A história que se segue é sobejamente
conhecida. Exames, lesão medular, paraplegia. Médicos, Alcoitão, Londres.
Fisioterapia, acupunctura, homeopatia, massagens. Mas, ao mesmo tempo, amigos,
praia, namorado, escola. Vida normal de uma miúda de 15 anos.
Foi o terminar de um ciclo e o início
de outro. Como se alguém tivesse pegado nas cartas da minha vida e as baralhasse
para começar um novo jogo. Mais difícil, com outras regras.
Desde aquele dia aprendi a viver com
o que a vida me deu. Cresci. Passei a querer sentir todos os minutos.

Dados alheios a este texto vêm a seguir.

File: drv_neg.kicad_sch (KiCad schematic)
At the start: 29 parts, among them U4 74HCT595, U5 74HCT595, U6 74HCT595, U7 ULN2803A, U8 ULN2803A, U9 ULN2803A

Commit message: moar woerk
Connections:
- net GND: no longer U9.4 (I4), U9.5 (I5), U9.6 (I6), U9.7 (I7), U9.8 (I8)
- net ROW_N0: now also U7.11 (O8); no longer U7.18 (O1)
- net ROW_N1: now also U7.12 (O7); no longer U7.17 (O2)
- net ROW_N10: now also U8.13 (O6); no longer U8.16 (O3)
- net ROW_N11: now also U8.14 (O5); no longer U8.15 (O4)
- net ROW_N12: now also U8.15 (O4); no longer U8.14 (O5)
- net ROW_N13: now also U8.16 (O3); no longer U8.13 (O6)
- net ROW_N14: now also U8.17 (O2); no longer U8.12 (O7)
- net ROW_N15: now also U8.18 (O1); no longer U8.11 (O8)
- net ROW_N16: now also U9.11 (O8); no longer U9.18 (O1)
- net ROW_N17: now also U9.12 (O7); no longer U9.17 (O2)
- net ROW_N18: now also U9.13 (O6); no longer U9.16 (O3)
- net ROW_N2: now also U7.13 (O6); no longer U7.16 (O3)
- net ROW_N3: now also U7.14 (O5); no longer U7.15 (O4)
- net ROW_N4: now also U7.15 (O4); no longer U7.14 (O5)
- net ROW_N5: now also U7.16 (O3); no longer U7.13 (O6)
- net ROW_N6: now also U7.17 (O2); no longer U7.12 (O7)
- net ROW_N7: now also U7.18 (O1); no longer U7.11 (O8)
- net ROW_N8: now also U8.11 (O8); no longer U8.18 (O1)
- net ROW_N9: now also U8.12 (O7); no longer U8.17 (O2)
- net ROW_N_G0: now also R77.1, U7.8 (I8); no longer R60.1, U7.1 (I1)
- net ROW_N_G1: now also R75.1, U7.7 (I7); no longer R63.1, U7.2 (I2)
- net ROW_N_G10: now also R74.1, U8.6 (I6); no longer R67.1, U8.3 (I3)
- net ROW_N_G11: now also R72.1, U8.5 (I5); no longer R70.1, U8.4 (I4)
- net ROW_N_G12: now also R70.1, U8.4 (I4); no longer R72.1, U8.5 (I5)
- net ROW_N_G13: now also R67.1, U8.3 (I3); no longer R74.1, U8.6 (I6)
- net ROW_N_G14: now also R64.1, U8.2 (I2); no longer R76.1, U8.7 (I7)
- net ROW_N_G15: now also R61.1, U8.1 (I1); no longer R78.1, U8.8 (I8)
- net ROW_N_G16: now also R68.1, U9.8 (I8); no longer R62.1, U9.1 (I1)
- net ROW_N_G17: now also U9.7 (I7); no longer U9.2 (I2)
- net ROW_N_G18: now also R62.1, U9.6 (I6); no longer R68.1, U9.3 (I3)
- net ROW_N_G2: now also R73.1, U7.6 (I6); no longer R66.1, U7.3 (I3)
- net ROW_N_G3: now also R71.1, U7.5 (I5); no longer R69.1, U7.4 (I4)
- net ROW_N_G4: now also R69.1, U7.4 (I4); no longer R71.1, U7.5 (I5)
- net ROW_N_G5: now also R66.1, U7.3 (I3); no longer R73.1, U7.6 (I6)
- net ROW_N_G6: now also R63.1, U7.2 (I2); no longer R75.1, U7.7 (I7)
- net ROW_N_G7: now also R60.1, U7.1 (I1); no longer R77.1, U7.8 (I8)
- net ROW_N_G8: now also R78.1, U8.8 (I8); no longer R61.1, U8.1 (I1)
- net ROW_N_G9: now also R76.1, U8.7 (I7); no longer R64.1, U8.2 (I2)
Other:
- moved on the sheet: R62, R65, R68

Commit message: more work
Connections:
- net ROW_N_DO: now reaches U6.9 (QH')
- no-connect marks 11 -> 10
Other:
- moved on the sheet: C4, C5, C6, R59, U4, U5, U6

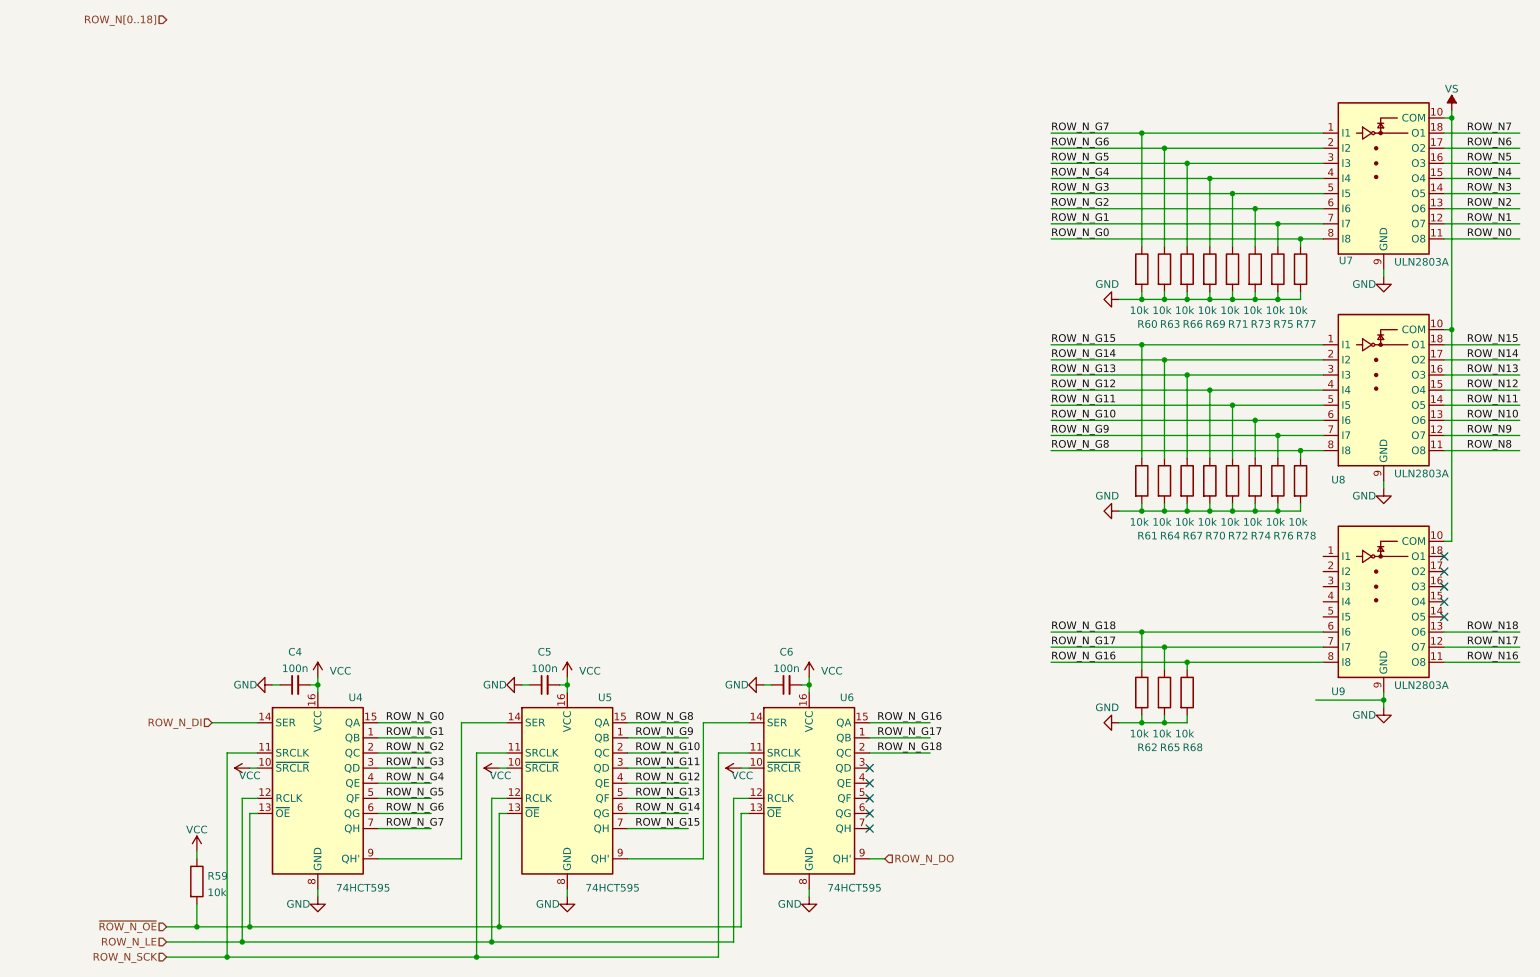
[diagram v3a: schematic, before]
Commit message: Change negative drivers to a TLE75008-ESD, octal low side driver.
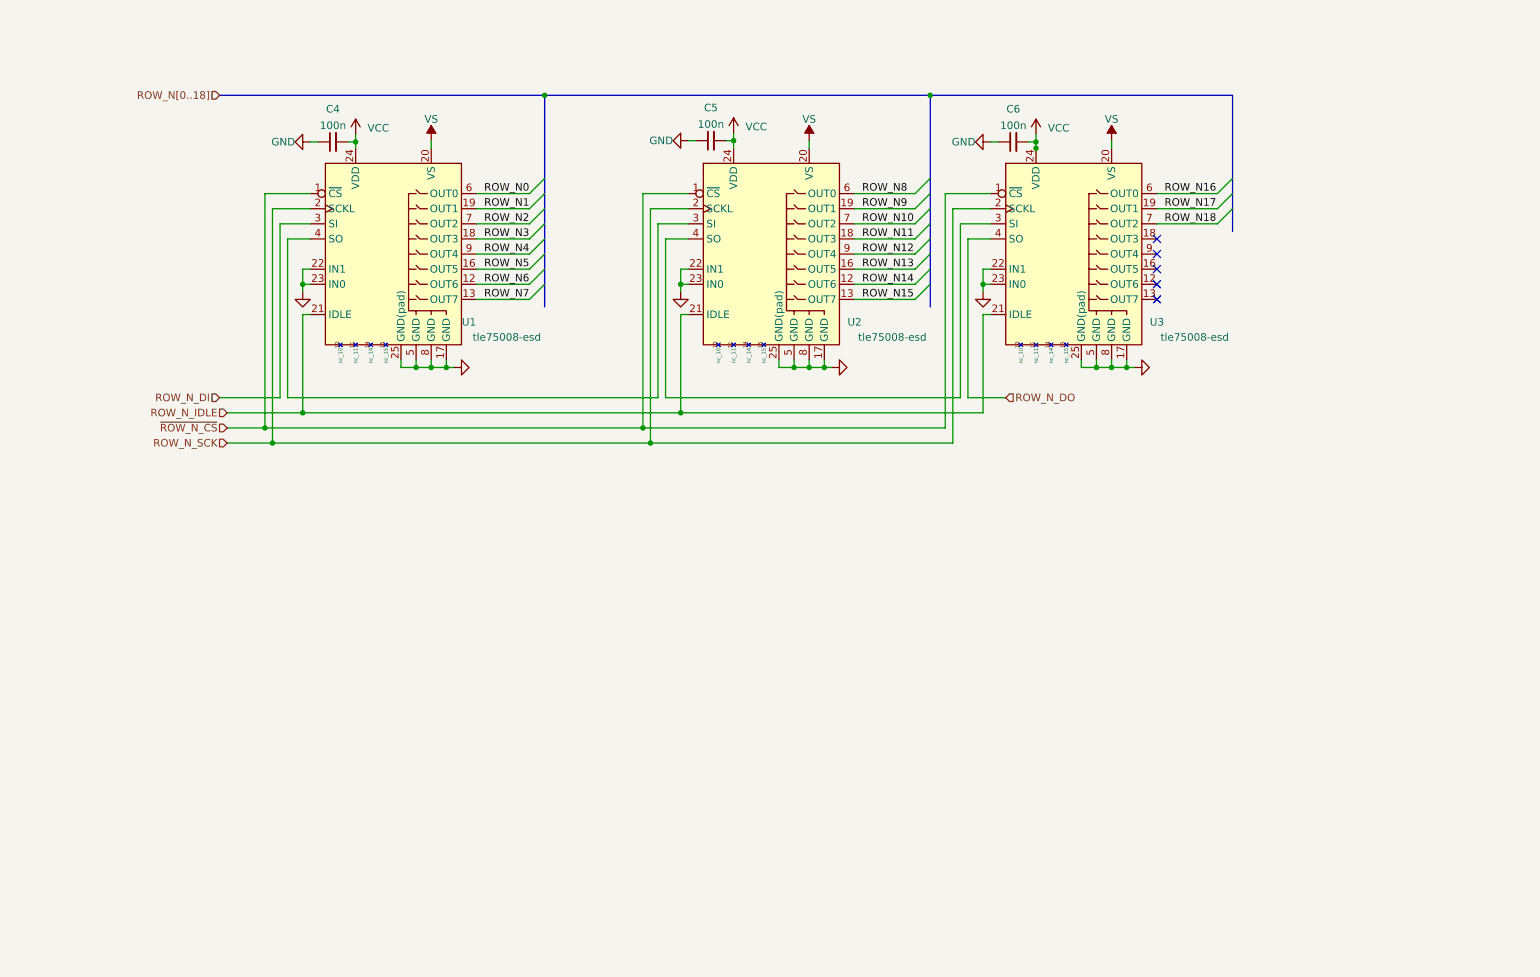
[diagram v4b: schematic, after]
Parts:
- removed R59, R60, R61, R62, R63, R64, R65, R66, R67, R68, R69, R70, R71, R72, R73, R74, R75, R76, R77, R78: 10k, Resistor_SMD:R_0603_1608Metric, symbol Device:R
- removed U4, U5, U6: 74HCT595, Package_SO:SOIC-16_3.9x9.9mm_P1.27mm, symbol 74xx:74HCT595
- removed U7, U8, U9: ULN2803A, Package_SO:SOIC-18W_7.5x11.6mm_P1.27mm, symbol Transistor_Array:ULN2803A
- added U1, U2, U3: tle75008-esd, vogelchr_package_so:Infineon-PG-TSDSO-24-51, symbol vogelchr_ic:tle75008-esd
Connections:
- net GND: now also U1.17 (GND), U1.22 (IN1), U1.23 (IN0), U1.25 (GND(pad)), U1.5 (GND), U1.8 (GND), U2.17 (GND), U2.22 (IN1), U2.23 (IN0), U2.25 (GND(pad)), U2.5 (GND), U2.8 (GND), U3.17 (GND), U3.22 (IN1), U3.23 (IN0), U3.25 (GND(pad)), U3.5 (GND), U3.8 (GND)
- net ROW_N0: now also U1.6 (OUT0)
- net ROW_N1: now also U1.19 (OUT1)
- net ROW_N10: now also U2.7 (OUT2)
- net ROW_N11: now also U2.18 (OUT3)
- net ROW_N12: now also U2.9 (OUT4)
- net ROW_N13: now also U2.16 (OUT5)
- net ROW_N14: now also U2.12 (OUT6)
- net ROW_N15: now also U2.13 (OUT7)
- net ROW_N16: now also U3.6 (OUT0)
- net ROW_N17: now also U3.19 (OUT1)
- net ROW_N18: now also U3.7 (OUT2)
- net ROW_N2: now also U1.7 (OUT2)
- net ROW_N3: now also U1.18 (OUT3)
- net ROW_N4: now also U1.9 (OUT4)
- net ROW_N5: now also U1.16 (OUT5)
- net ROW_N6: now also U1.12 (OUT6)
- net ROW_N7: now also U1.13 (OUT7)
- net ROW_N8: now also U2.6 (OUT0)
- net ROW_N9: now also U2.19 (OUT1)
- net ROW_N_DI: now also U1.3 (SI)
- net ROW_N_DO: now also U3.4 (SO)
- net ROW_N_SCK: now also U1.2 (SCKL), U2.2 (SCKL), U3.2 (SCKL)
- net VCC: now also U1.24 (VDD), U2.24 (VDD), U3.24 (VDD)
- net VS: now also U1.20 (VS), U2.20 (VS), U3.20 (VS)
- new net: U1.4 (SO), U2.3 (SI)
- new net: U2.4 (SO), U3.3 (SI)
- new net ROW_N_IDLE: U1.21 (IDLE), U2.21 (IDLE), U3.21 (IDLE)
- new net ~{ROW_N_CS}: U1.1 (~{CS}), U2.1 (~{CS}), U3.1 (~{CS})
- no-connect marks 10 -> 5
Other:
- moved on the sheet: C4, C5, C6

A ver
com o coração aquilo que tantas vezes só via com os olhos. A chuva. Os pássaros. O mundo.
E realizei a sorte que tive. Uma
reviravolta indesejada, é certo, mas que me fez perceber que, se fiquei por cá,
todos os dias tenho que conseguir fazer um bocadinho melhor. Ser um bocadinho melhor. E que, quando há um dia em que isso
não acontece – porque estou mais em baixo, porque o saco está cheio, porque
tenho a certeza que o mundo se uniu para me lixar -, devo aproveitar o dia seguinte e
fazer a dobrar, recuperando o tempo que perdi.
Tudo sem nunca perder o
foco: prefiro passar pelo tempo, do que deixar o tempo passar por mim.